If there is nobody who could do it, could somebody tell me what wood is best to hold my bosc monitor securely and what other things i'd need to make it. I really do need a viv big enough for a full grown bosc as soon as possible. A list and estimated price for the full thing would really be useful. Thankyou!


----------



## rstainforth (May 9, 2006)

i would think that if you wanted 8x4x4 then it'll have to be mdf if you are on a budget?!? contiboard doesn't get up to that size (i don't think, largest is 8x2) and real wood'll cost yer a fortune.

if its mdf, check out wickes, focus, b&q etc, its not too expensive, prob no more than 15/20 quid for your wood

maybe another 10/12 quid for the screws, blocks, sealant etc (if you don't already have 'em)

and about £15 tops for your glass (6mm min, with arundel edges)

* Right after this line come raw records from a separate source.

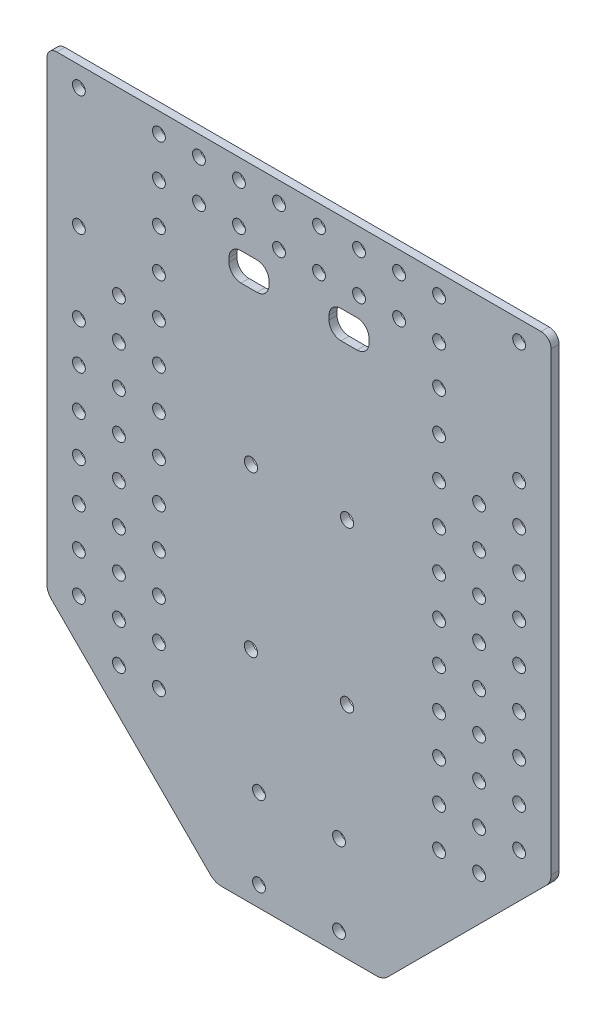
SolidWorks part; units mm, degrees
ref_plane "Front" through (0, 0, 0) normal (0, 0, 1) x (1, 0, 0)
ref_plane "Top" through (0, 0, 0) normal (0, 1, 0) x (1, 0, 0)
ref_plane "Right" through (0, 0, 0) normal (1, 0, 0) x (0, 0, -1)
sketch "Эскиз1" plane through (0, 0, 0) normal (0, 0, 1) x (1, 0, 0)
  line L0 (-63, 0) -> (63, 0)
  line L1 (63, 0) -> (63, -160)
  line L3 (63, -160) -> (-63, -160)
  line L5 (-63, -160) -> (-63, 0)
  point P3 (0, 0)
  point P7 (0, -160)
  dimension "D1" = 126
  dimension "D2" = 160
extrude "Пластина нижняя" add sketch "Эскиз1" along normal blind 2
sketch "Эскиз2" plane through (0, 0, 2) normal (0, 0, 1) x (1, 0, 0)
  line L14 (10, -135) -> (-10, -135) construction
  line L15 (10, -135) -> (10, -155) construction
  line L16 (10, -155) -> (-10, -155) construction
  line L17 (-10, -135) -> (-10, -155) construction
  line L18 (-63, -160) -> (63, -160) construction
  circle A8 centre (10, -135) radius 1.6
  circle A9 centre (-10, -135) radius 1.6
  circle A10 centre (-10, -155) radius 1.6
  circle A11 centre (10, -155) radius 1.6
  point P7 (0, -135)
  dimension "D4" = 3.2
  dimension "D2" = 20
  dimension "D3" = 5
extrude "Крепление_заднего_колеса" cut sketch "Эскиз2" against normal up to next
sketch "Эскиз3" plane through (0, 0, 0) normal (0, 0, -1) x (-1, 0, 0)
  line L1 (-12, -65) -> (12, -65) construction
  line L2 (-12, -65) -> (-12, -105) construction
  line L3 (-12, -105) -> (12, -105) construction
  line L4 (12, -65) -> (12, -105) construction
  line L5 (63, -160) -> (-63, -160) construction
  circle A0 centre (-12, -65) radius 1.65
  circle A1 centre (12, -65) radius 1.65
  circle A2 centre (12, -105) radius 1.65
  circle A3 centre (-12, -105) radius 1.65
  point P8 (0, -65)
  dimension "D3" = 3.3
  dimension "D1" = 40
  dimension "D2" = 24
  dimension "D4" = 55
extrude "Крепление батареи" cut sketch "Эскиз3" against normal through all
chamfer "Фаска2" distance 42 1 edges at (-63, -160, 1)
chamfer "Фаска1" distance 42 1 edges at (63, -160, 1)
fillet "Скругление1" radius 4 4 edges at (63, -118, 1) (-63, -118, 1) (-21, -160, 1) (21, -160, 1)
sketch "Эскиз6" plane through (0, 0, 0) normal (0, 0, -1) x (-1, 0, 0)
  line L0 (-63, 0) -> (63, 0) construction
  line L1 (-17.5, -20) -> (-7.5, -20)
  line L2 (-17.5, -20) -> (-17.5, -27)
  line L3 (-17.5, -27) -> (-7.5, -27)
  line L4 (-7.5, -20) -> (-7.5, -27)
  line L5 (0, 0) -> (0, -160) construction
  line L6 (19.3431, -160) -> (-19.3431, -160) construction
  line L7 (7.5, -20) -> (7.5, -27)
  line L8 (17.5, -27) -> (7.5, -27)
  line L9 (17.5, -20) -> (17.5, -27)
  line L10 (17.5, -20) -> (7.5, -20)
  dimension "D1" = 7
  dimension "D2" = 10
  dimension "D3" = 20
  dimension "D4" = 7.5
extrude "Под провода двигателей" cut sketch "Эскиз6" against normal through all
sketch "Эскиз4" plane through (0, 0, 0) normal (0, 0, -1) x (-1, 0, 0)
  line L0 (0, 0) -> (0, -160) construction
  line L1 (-63, 0) -> (63, 0) construction
  line L2 (19.3431, -160) -> (-19.3431, -160) construction
  circle A0 centre (5, -155) radius 1.6 construction
  circle A2 centre (15, -155) radius 1.6 construction
  circle A3 centre (25, -155) radius 1.6 construction
  circle A4 centre (35, -155) radius 1.6 construction
  circle A5 centre (45, -155) radius 1.6 construction
  circle A6 centre (55, -155) radius 1.6 construction
  circle A7 centre (65, -155) radius 1.6 construction
  circle A8 centre (-65, -155) radius 1.6 construction
  circle A9 centre (-55, -155) radius 1.6 construction
  circle A10 centre (-45, -155) radius 1.6 construction
  circle A11 centre (-35, -155) radius 1.6 construction
  circle A12 centre (-25, -155) radius 1.6 construction
  circle A13 centre (-15, -155) radius 1.6 construction
  circle A14 centre (-5, -155) radius 1.6 construction
  circle A15 centre (5, -145) radius 1.6 construction
  circle A16 centre (15, -145) radius 1.6 construction
  circle A17 centre (25, -145) radius 1.6 construction
  circle A18 centre (35, -145) radius 1.6 construction
  circle A19 centre (45, -145) radius 1.6 construction
  circle A20 centre (55, -145) radius 1.6 construction
  circle A21 centre (65, -145) radius 1.6 construction
  circle A22 centre (-65, -145) radius 1.6 construction
  circle A23 centre (-55, -145) radius 1.6 construction
  circle A24 centre (-45, -145) radius 1.6 construction
  circle A25 centre (-35, -145) radius 1.6 construction
  circle A26 centre (-25, -145) radius 1.6 construction
  circle A27 centre (-15, -145) radius 1.6 construction
  circle A28 centre (-5, -145) radius 1.6 construction
  circle A29 centre (5, -135) radius 1.6 construction
  circle A30 centre (15, -135) radius 1.6 construction
  circle A31 centre (25, -135) radius 1.6 construction
  circle A32 centre (35, -135) radius 1.6 construction
  circle A33 centre (45, -135) radius 1.6 construction
  circle A34 centre (55, -135) radius 1.6 construction
  circle A35 centre (65, -135) radius 1.6 construction
  circle A36 centre (-65, -135) radius 1.6 construction
  circle A37 centre (-55, -135) radius 1.6 construction
  circle A38 centre (-45, -135) radius 1.6 construction
  circle A39 centre (-35, -135) radius 1.6 construction
  circle A40 centre (-25, -135) radius 1.6 construction
  circle A41 centre (-15, -135) radius 1.6 construction
  circle A42 centre (-5, -135) radius 1.6 construction
  circle A43 centre (5, -125) radius 1.6 construction
  circle A44 centre (15, -125) radius 1.6 construction
  circle A45 centre (25, -125) radius 1.6 construction
  circle A46 centre (35, -125) radius 1.6
  circle A47 centre (45, -125) radius 1.6
  circle A48 centre (55, -125) radius 1.6 construction
  circle A49 centre (65, -125) radius 1.6 construction
  circle A50 centre (-65, -125) radius 1.6 construction
  circle A51 centre (-55, -125) radius 1.6 construction
  circle A52 centre (-45, -125) radius 1.6
  circle A53 centre (-35, -125) radius 1.6
  circle A54 centre (-25, -125) radius 1.6 construction
  circle A55 centre (-15, -125) radius 1.6 construction
  circle A56 centre (-5, -125) radius 1.6 construction
  circle A57 centre (5, -115) radius 1.6 construction
  circle A58 centre (15, -115) radius 1.6 construction
  circle A59 centre (25, -115) radius 1.6 construction
  circle A60 centre (35, -115) radius 1.6
  circle A61 centre (45, -115) radius 1.6
  circle A62 centre (55, -115) radius 1.6
  circle A63 centre (65, -115) radius 1.6 construction
  circle A64 centre (-65, -115) radius 1.6 construction
  circle A65 centre (-55, -115) radius 1.6
  circle A66 centre (-45, -115) radius 1.6
  circle A67 centre (-35, -115) radius 1.6
  circle A68 centre (-25, -115) radius 1.6 construction
  circle A69 centre (-15, -115) radius 1.6 construction
  circle A70 centre (-5, -115) radius 1.6 construction
  circle A71 centre (5, -105) radius 1.6 construction
  circle A72 centre (15, -105) radius 1.6 construction
  circle A73 centre (25, -105) radius 1.6 construction
  circle A74 centre (35, -105) radius 1.6
  circle A75 centre (45, -105) radius 1.6
  circle A76 centre (55, -105) radius 1.6
  circle A77 centre (65, -105) radius 1.6 construction
  circle A78 centre (-65, -105) radius 1.6 construction
  circle A79 centre (-55, -105) radius 1.6
  circle A80 centre (-45, -105) radius 1.6
  circle A81 centre (-35, -105) radius 1.6
  circle A82 centre (-25, -105) radius 1.6 construction
  circle A83 centre (-15, -105) radius 1.6 construction
  circle A84 centre (-5, -105) radius 1.6 construction
  circle A85 centre (5, -95) radius 1.6 construction
  circle A86 centre (15, -95) radius 1.6 construction
  circle A87 centre (25, -95) radius 1.6 construction
  circle A88 centre (35, -95) radius 1.6
  circle A89 centre (45, -95) radius 1.6
  circle A90 centre (55, -95) radius 1.6
  circle A91 centre (65, -95) radius 1.6 construction
  circle A92 centre (-65, -95) radius 1.6 construction
  circle A93 centre (-55, -95) radius 1.6
  circle A94 centre (-45, -95) radius 1.6
  circle A95 centre (-35, -95) radius 1.6
  circle A96 centre (-25, -95) radius 1.6 construction
  circle A97 centre (-15, -95) radius 1.6 construction
  circle A98 centre (-5, -95) radius 1.6 construction
  circle A99 centre (5, -85) radius 1.6 construction
  circle A100 centre (15, -85) radius 1.6 construction
  circle A101 centre (25, -85) radius 1.6 construction
  circle A102 centre (35, -85) radius 1.6
  circle A103 centre (45, -85) radius 1.6
  circle A104 centre (55, -85) radius 1.6
  circle A105 centre (65, -85) radius 1.6 construction
  circle A106 centre (-65, -85) radius 1.6 construction
  circle A107 centre (-55, -85) radius 1.6
  circle A108 centre (-45, -85) radius 1.6
  circle A109 centre (-35, -85) radius 1.6
  circle A110 centre (-25, -85) radius 1.6 construction
  circle A111 centre (-15, -85) radius 1.6 construction
  circle A112 centre (-5, -85) radius 1.6 construction
  circle A113 centre (5, -75) radius 1.6 construction
  circle A114 centre (15, -75) radius 1.6 construction
  circle A115 centre (25, -75) radius 1.6 construction
  circle A116 centre (35, -75) radius 1.6
  circle A117 centre (45, -75) radius 1.6
  circle A118 centre (55, -75) radius 1.6
  circle A119 centre (65, -75) radius 1.6 construction
  circle A120 centre (-65, -75) radius 1.6 construction
  circle A121 centre (-55, -75) radius 1.6
  circle A122 centre (-45, -75) radius 1.6
  circle A123 centre (-35, -75) radius 1.6
  circle A124 centre (-25, -75) radius 1.6 construction
  circle A125 centre (-15, -75) radius 1.6 construction
  circle A126 centre (-5, -75) radius 1.6 construction
  circle A127 centre (5, -65) radius 1.6 construction
  circle A128 centre (15, -65) radius 1.6 construction
  circle A129 centre (25, -65) radius 1.6 construction
  circle A130 centre (35, -65) radius 1.6
  circle A131 centre (45, -65) radius 1.6
  circle A132 centre (55, -65) radius 1.6
  circle A133 centre (65, -65) radius 1.6 construction
  circle A134 centre (-65, -65) radius 1.6 construction
  circle A135 centre (-55, -65) radius 1.6
  circle A136 centre (-45, -65) radius 1.6
  circle A137 centre (-35, -65) radius 1.6
  circle A138 centre (-25, -65) radius 1.6 construction
  circle A139 centre (-15, -65) radius 1.6 construction
  circle A140 centre (-5, -65) radius 1.6 construction
  circle A141 centre (5, -55) radius 1.6 construction
  circle A142 centre (15, -55) radius 1.6 construction
  circle A143 centre (25, -55) radius 1.6 construction
  circle A144 centre (35, -55) radius 1.6
  circle A145 centre (45, -55) radius 1.6
  circle A146 centre (55, -55) radius 1.6
  circle A147 centre (65, -55) radius 1.6 construction
  circle A148 centre (-65, -55) radius 1.6 construction
  circle A149 centre (-55, -55) radius 1.6
  circle A150 centre (-45, -55) radius 1.6
  circle A151 centre (-35, -55) radius 1.6
  circle A152 centre (-25, -55) radius 1.6 construction
  circle A153 centre (-15, -55) radius 1.6 construction
  circle A154 centre (-5, -55) radius 1.6 construction
  circle A155 centre (5, -45) radius 1.6 construction
  circle A156 centre (15, -45) radius 1.6 construction
  circle A157 centre (25, -45) radius 1.6 construction
  circle A158 centre (35, -45) radius 1.6
  circle A159 centre (45, -45) radius 1.6
  circle A160 centre (55, -45) radius 1.6 construction
  circle A161 centre (65, -45) radius 1.6 construction
  circle A162 centre (-65, -45) radius 1.6 construction
  circle A163 centre (-55, -45) radius 1.6
  circle A164 centre (-45, -45) radius 1.6
  circle A165 centre (-35, -45) radius 1.6
  circle A166 centre (-25, -45) radius 1.6 construction
  circle A167 centre (-15, -45) radius 1.6 construction
  circle A168 centre (-5, -45) radius 1.6 construction
  circle A169 centre (5, -35) radius 1.6 construction
  circle A170 centre (15, -35) radius 1.6 construction
  circle A171 centre (25, -35) radius 1.6 construction
  circle A172 centre (35, -35) radius 1.6
  circle A173 centre (45, -35) radius 1.6 construction
  circle A174 centre (55, -35) radius 1.6
  circle A175 centre (65, -35) radius 1.6 construction
  circle A176 centre (-65, -35) radius 1.6 construction
  circle A177 centre (-55, -35) radius 1.6
  circle A178 centre (-45, -35) radius 1.6 construction
  circle A179 centre (-35, -35) radius 1.6
  circle A180 centre (-25, -35) radius 1.6 construction
  circle A181 centre (-15, -35) radius 1.6 construction
  circle A182 centre (-5, -35) radius 1.6 construction
  circle A183 centre (5, -25) radius 1.6 construction
  circle A184 centre (15, -25) radius 1.6 construction
  circle A185 centre (25, -25) radius 1.6 construction
  circle A186 centre (35, -25) radius 1.6
  circle A187 centre (45, -25) radius 1.6 construction
  circle A188 centre (55, -25) radius 1.6 construction
  circle A189 centre (65, -25) radius 1.6 construction
  circle A190 centre (-65, -25) radius 1.6 construction
  circle A191 centre (-55, -25) radius 1.6 construction
  circle A192 centre (-45, -25) radius 1.6 construction
  circle A193 centre (-35, -25) radius 1.6
  circle A194 centre (-25, -25) radius 1.6 construction
  circle A195 centre (-15, -25) radius 1.6 construction
  circle A196 centre (-5, -25) radius 1.6 construction
  circle A197 centre (5, -15) radius 1.6
  circle A198 centre (15, -15) radius 1.6
  circle A199 centre (25, -15) radius 1.6
  circle A200 centre (35, -15) radius 1.6
  circle A201 centre (45, -15) radius 1.6 construction
  circle A202 centre (55, -15) radius 1.6 construction
  circle A203 centre (65, -15) radius 1.6 construction
  circle A204 centre (-65, -15) radius 1.6 construction
  circle A205 centre (-55, -15) radius 1.6 construction
  circle A206 centre (-45, -15) radius 1.6 construction
  circle A207 centre (-35, -15) radius 1.6
  circle A208 centre (-25, -15) radius 1.6
  circle A209 centre (-15, -15) radius 1.6
  circle A210 centre (-5, -15) radius 1.6
  circle A211 centre (5, -5) radius 1.6
  circle A212 centre (15, -5) radius 1.6
  circle A213 centre (25, -5) radius 1.6
  circle A214 centre (35, -5) radius 1.6
  circle A215 centre (45, -5) radius 1.6 construction
  circle A216 centre (55, -5) radius 1.6
  circle A217 centre (65, -5) radius 1.6 construction
  circle A218 centre (-65, -5) radius 1.6 construction
  circle A219 centre (-55, -5) radius 1.6
  circle A220 centre (-45, -5) radius 1.6 construction
  circle A221 centre (-35, -5) radius 1.6
  circle A222 centre (-25, -5) radius 1.6
  circle A223 centre (-15, -5) radius 1.6
  circle A224 centre (-5, -5) radius 1.6
  circle A225 centre (5, 5) radius 1.6 construction
  circle A226 centre (15, 5) radius 1.6 construction
  circle A227 centre (25, 5) radius 1.6 construction
  circle A228 centre (35, 5) radius 1.6 construction
  circle A229 centre (45, 5) radius 1.6 construction
  circle A230 centre (55, 5) radius 1.6 construction
  circle A231 centre (65, 5) radius 1.6 construction
  circle A232 centre (-65, 5) radius 1.6 construction
  circle A233 centre (-55, 5) radius 1.6 construction
  circle A234 centre (-45, 5) radius 1.6 construction
  circle A235 centre (-35, 5) radius 1.6 construction
  circle A236 centre (-25, 5) radius 1.6 construction
  circle A237 centre (-15, 5) radius 1.6 construction
  circle A238 centre (-5, 5) radius 1.6 construction
  circle A239 centre (5, 15) radius 1.6 construction
  circle A240 centre (15, 15) radius 1.6 construction
  circle A241 centre (25, 15) radius 1.6 construction
  circle A242 centre (35, 15) radius 1.6 construction
  circle A243 centre (45, 15) radius 1.6 construction
  circle A244 centre (55, 15) radius 1.6 construction
  circle A245 centre (65, 15) radius 1.6 construction
  circle A246 centre (-65, 15) radius 1.6 construction
  circle A247 centre (-55, 15) radius 1.6 construction
  circle A248 centre (-45, 15) radius 1.6 construction
  circle A249 centre (-35, 15) radius 1.6 construction
  circle A250 centre (-25, 15) radius 1.6 construction
  circle A251 centre (-15, 15) radius 1.6 construction
  circle A252 centre (-5, 15) radius 1.6 construction
  circle A253 centre (5, 25) radius 1.6 construction
  circle A254 centre (15, 25) radius 1.6 construction
  circle A255 centre (25, 25) radius 1.6 construction
  circle A256 centre (35, 25) radius 1.6 construction
  circle A257 centre (45, 25) radius 1.6 construction
  circle A258 centre (55, 25) radius 1.6 construction
  circle A259 centre (65, 25) radius 1.6 construction
  circle A260 centre (-65, 25) radius 1.6 construction
  circle A261 centre (-55, 25) radius 1.6 construction
  circle A262 centre (-45, 25) radius 1.6 construction
  circle A263 centre (-35, 25) radius 1.6 construction
  circle A264 centre (-25, 25) radius 1.6 construction
  circle A265 centre (-15, 25) radius 1.6 construction
  circle A266 centre (-5, 25) radius 1.6 construction
  circle A267 centre (5, 35) radius 1.6 construction
  circle A268 centre (15, 35) radius 1.6 construction
  circle A269 centre (25, 35) radius 1.6 construction
  circle A270 centre (35, 35) radius 1.6 construction
  circle A271 centre (45, 35) radius 1.6 construction
  circle A272 centre (55, 35) radius 1.6 construction
  circle A273 centre (65, 35) radius 1.6 construction
  circle A274 centre (-65, 35) radius 1.6 construction
  circle A275 centre (-55, 35) radius 1.6 construction
  circle A276 centre (-45, 35) radius 1.6 construction
  circle A277 centre (-35, 35) radius 1.6 construction
  circle A278 centre (-25, 35) radius 1.6 construction
  circle A279 centre (-15, 35) radius 1.6 construction
  circle A280 centre (-5, 35) radius 1.6 construction
  circle A281 centre (5, 45) radius 1.6 construction
  circle A282 centre (15, 45) radius 1.6 construction
  circle A283 centre (25, 45) radius 1.6 construction
  circle A284 centre (35, 45) radius 1.6 construction
  circle A285 centre (45, 45) radius 1.6 construction
  circle A286 centre (55, 45) radius 1.6 construction
  circle A287 centre (65, 45) radius 1.6 construction
  circle A288 centre (-65, 45) radius 1.6 construction
  circle A289 centre (-55, 45) radius 1.6 construction
  circle A290 centre (-45, 45) radius 1.6 construction
  circle A291 centre (-35, 45) radius 1.6 construction
  circle A292 centre (-25, 45) radius 1.6 construction
  circle A293 centre (-15, 45) radius 1.6 construction
  circle A294 centre (-5, 45) radius 1.6 construction
  dimension "D1" = 5
  dimension "D3" = 3.2
  dimension "D2" = 5
  dimension "D5" = 10
  dimension "D7" = 10
  dimension "D4" = 7
  dimension "D6" = 21
extrude "Сетка отв 10х10" cut sketch "Эскиз4" against normal through all
fillet "Скругление2" radius 3 8 edges at (7.5, -27, 1) (7.5, -20, 1) (17.5, -27, 1) (17.5, -20, 1) (-7.5, -27, 1) (-17.5, -27, 1) (-17.5, -20, 1) (-7.5, -20, 1)
fillet "Скругление3" radius 2.5 2 edges at (63, 0, 1) (-63, 0, 1)
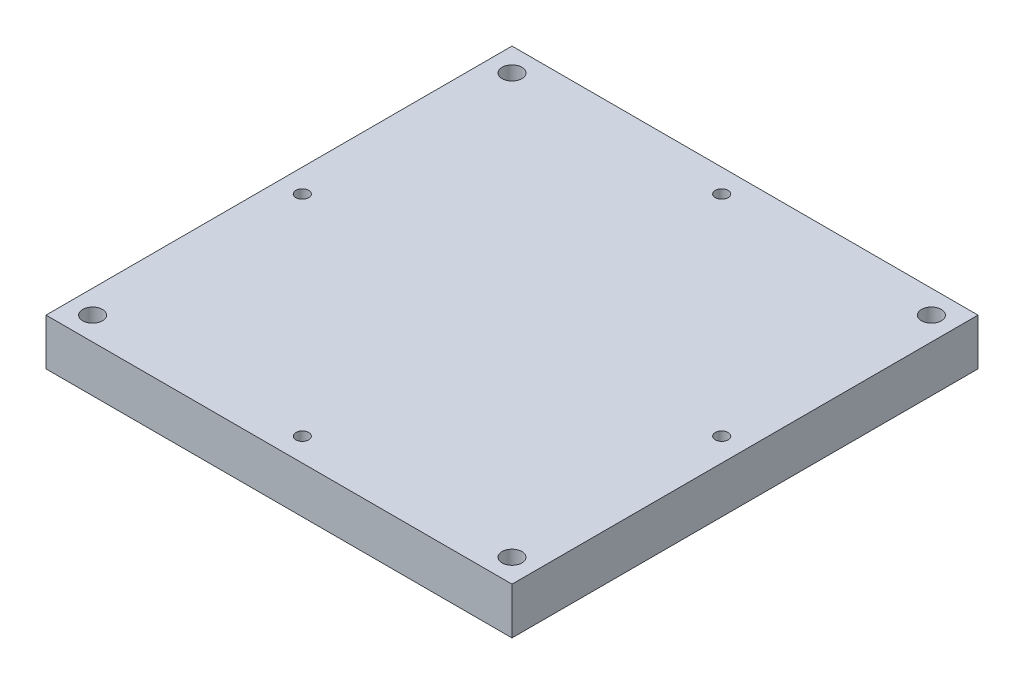
SolidWorks part; units mm, degrees
ref_plane "Front Plane" through (0, 0, 0) normal (0, 0, 1) x (1, 0, 0)
ref_plane "Top Plane" through (0, 0, 0) normal (0, 1, 0) x (1, 0, 0)
ref_plane "Right Plane" through (0, 0, 0) normal (1, 0, 0) x (0, 0, -1)
sketch "TowerBase" plane through (0, 0, 0) normal (0, 1, 0) x (1, 0, 0)
  line L1 (0, 0) -> (200, 0)
  line L2 (0, 0) -> (0, 200)
  line L3 (0, 200) -> (200, 200)
  line L4 (200, 0) -> (200, 200)
  dimension "D1" = 200
  dimension "D2" = 200
extrude "TowerBasePlate" add sketch "TowerBase" along normal blind 20
sketch "ScrewHoles" plane through (0, 20, 0) normal (0, 1, 0) x (1, 0, 0)
  line L0 (0, 0) -> (200, 0) construction
  line L1 (200, 200) -> (0, 200) construction
  line L2 (10, 100) -> (100, 100) construction
  line L3 (0, 200) -> (0, 0) construction
  circle A0 centre (10, 10) radius 4.25
  circle A1 centre (190, 10) radius 4.25
  circle A2 centre (190, 190) radius 4.25
  circle A3 centre (10, 190) radius 4.25
  circle A5 centre (10, 100) radius 2.75
  circle A6 centre (100, 100) radius 2.75 [skipped]
  circle A7 centre (190, 100) radius 2.75
  circle A8 centre (100, 190) radius 2.75
  circle A9 centre (190, 190) radius 2.75 [skipped]
  circle A10 centre (10, 190) radius 2.75 [skipped]
  circle A11 centre (100, 10) radius 2.75
  dimension "D2" = 8.5
  dimension "D9" = 5.5
  dimension "D16" = 5.5
  dimension "D1" = 10
  dimension "D3" = 10
  dimension "D6" = 10
  dimension "D7" = 180
  dimension "D8" = 10
  dimension "D10" = 90
  dimension "D11" = 90
  dimension "D14" = 180
  dimension "D15" = 90
  dimension "D17" = 90
  dimension "D18" = 90
  dimension "D19" = 90
  dimension "D4" = 2
  dimension "D5" = 2
  dimension "D12" = 3
  dimension "D13" = 2
extrude "Holes" cut sketch "ScrewHoles" against normal through all

anybody any better idea on it??

if you lived a bit closer, i'd have a go for ya, i just built a 4x2x2 viv, and it cost me about £25 (without lights etc)


----------



## Blazey (Apr 30, 2006)

well, is that glass strong enough to withhold a boscs tailwhip, cuz he likes to hit the glass  dont want im smashing it and hurting himself.


----------



## rstainforth (May 9, 2006)

tbh, i wouldn't know about that...not a big bosc expert! having said that, double glazing glass won't set you back much more, and that def will 

ring a couple of glaziers and get some quotes, shouldn't be more than a tenner a sheet (opposed to about 6/7 max for 6mm stuff)


----------



## t-bo (Jan 26, 2005)

Isnt MDF too porus.. it will soak up water and distort if not completely sealed.


----------



## rstainforth (May 9, 2006)

t-bo said:


> Isnt MDF too porus.. it will soak up water and distort if not completely sealed.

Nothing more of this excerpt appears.